The anterior inferior cerebellar artery (AICA) supplies the lateral inferior pontine tegmentum and middle cerebellar peduncle, vestibulocochlear nerve including the root entry zone, inner ear, and anterior inferior cerebellum.1 Although there has been one report of skew deviation owing to an AICA infarction,1 the cardinal features of the OTR have not previously been documented. We describe two patients with AICA infarction, each of whom had ipsiversive OTR—one with complete OTR, the other with skew deviation and tonic ipsiversive ocular torsion.

The first was a 58 year old man with long standing hypertension who presented with sudden vertigo and imbalance. On neurological examination, he had bilateral gaze evoked horizontal nystagmus, left peripheral facial weakness and numbness, dysmetria of the left limbs, and gait ataxia. There was no caloric response on the left side. Pure tone audiometry showed 65 dB sensorineural hearing loss on the left side. The subjective visual vertical with binocular viewing was tilted 17 degrees to the left (that is, counterclockwise from the patient’s point of view). Fundus photography showed 25° extorsion of the left eye and 12° intorsion of the right eye. He had a skew deviation with a right hypertropia of 20 prism diopters in primary gaze (fig 1). Magnetic resonance imaging (MRI) including diffusion images showed acute infarcts in the left middle cerebellar peduncle and the left lateral inferior pontine tegmentum (fig 1).

Figure 1

 Tonic ocular tilt reaction in patient 1. Note sustained head tilt and concurrent vertical divergence of the eyes (skew deviation). T2 weighted axial magnetic resonance imaging of the brain showed acute infarcts in middle cerebellar peduncle and lateral inferior pontine tegmentum. There is conjugate leftward torsion of the eyes (that is, counterclockwise from the patient’s point of view): a 25° extorsion of the left eye and a 12° intorsion of the right. HT, hypertropia; LT, left; RE, right eye; RT, right. Patient consent was obtained for publication of this figure.

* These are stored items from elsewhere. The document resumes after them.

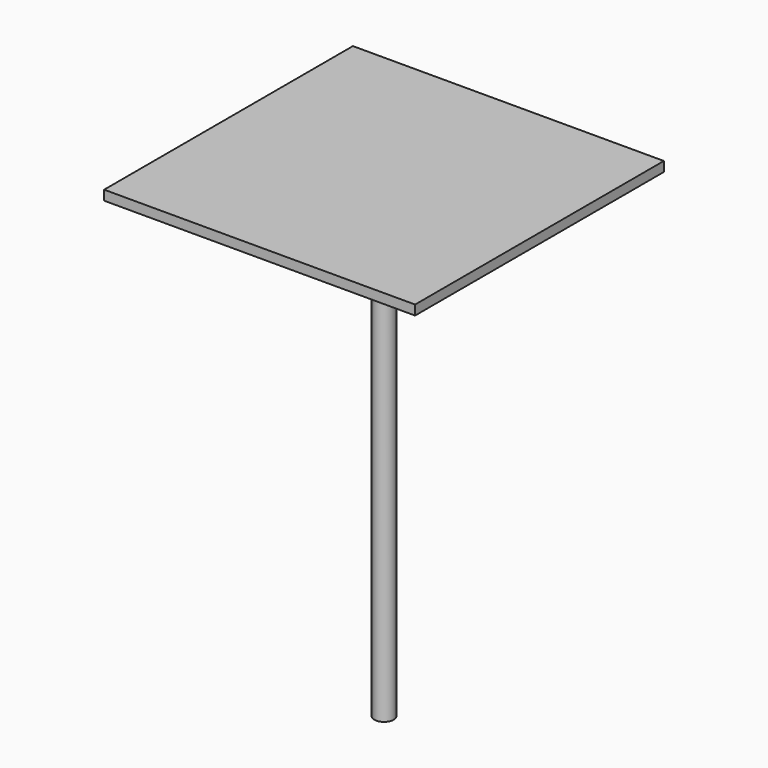
from build123d import *

# Parameters (mm, degrees)
F0_R     = 25
F1_DEPTH = 1000
F2_R     = 75
F2_R_2   = 25
F3_DEPTH = 200
F4_W     = 800
F4_H     = 800
F5_DEPTH = 25


with BuildPart() as f1:
    # F0 (on Top) → F1 (new body)
    with BuildSketch(Plane.XY):
        Circle(F0_R)
    extrude(amount=F1_DEPTH)

    # F2 (on face) → F3 (join)
    with BuildSketch(Plane.XY.offset(1000)):
        Circle(F2_R)
        Circle(F2_R_2, mode=Mode.SUBTRACT)
        Circle(F2_R_2)
    extrude(amount=F3_DEPTH)

    # F4 (on face) → F5 (join)
    with BuildSketch(Plane.XY.offset(1200)):
        Rectangle(F4_W, F4_H)
    extrude(amount=F5_DEPTH)


solid = f1.part

The second patient was a 58 year old woman with type 2 diabetes mellitus and hypertension who developed severe vertigo, hearing loss, tinnitus on the left side, dysarthria, and imbalance. She had bilateral gaze evoked nystagmus with a horizontal-rotatory component. There was left peripheral facial weakness and numbness, dysmetria of the left limbs, and gait ataxia. Pure tone audiometry showed a 65 dB sensorineural hearing loss on the left side. Fundus photography showed 14° extorsion of the left eye and 3° extorsion of the right eye. Prism testing showed a skew deviation with a right hypertropia of 6 diopters in the primary position. Subjective visual vertical with binocular viewing was tilted 13° to the left (that is, counterclockwise from the patient’s point of view). Caloric response was absent on the left side. MRI showed new infarcts in the left middle cerebellar peduncle, left lateral inferior pontine tegmentum, and anterior inferior cerebellum, possibly including the flocculus. Two months later the subjective visual vertical was normal. Fundus photography now showed 1° of extorsion of the left eye, indicating that the left eye had been extorted by 13° at the first examination (that is, by 14° minus 1°) and 9° of extorsion of the right eye, indicating that at the first examination the right eye had in fact been intorted by 6° (that is, by 3° minus 9°).

Comment

Most earlier reports of AICA infarction have focused on the brain stem or cerebellar findings. Recently, there have been several reports describing the clinical importance of inner ear symptoms, vertigo and/or sudden deafness.2, 3 However, a detailed description of OTR as a sign of AICA infarction has not been reported previously.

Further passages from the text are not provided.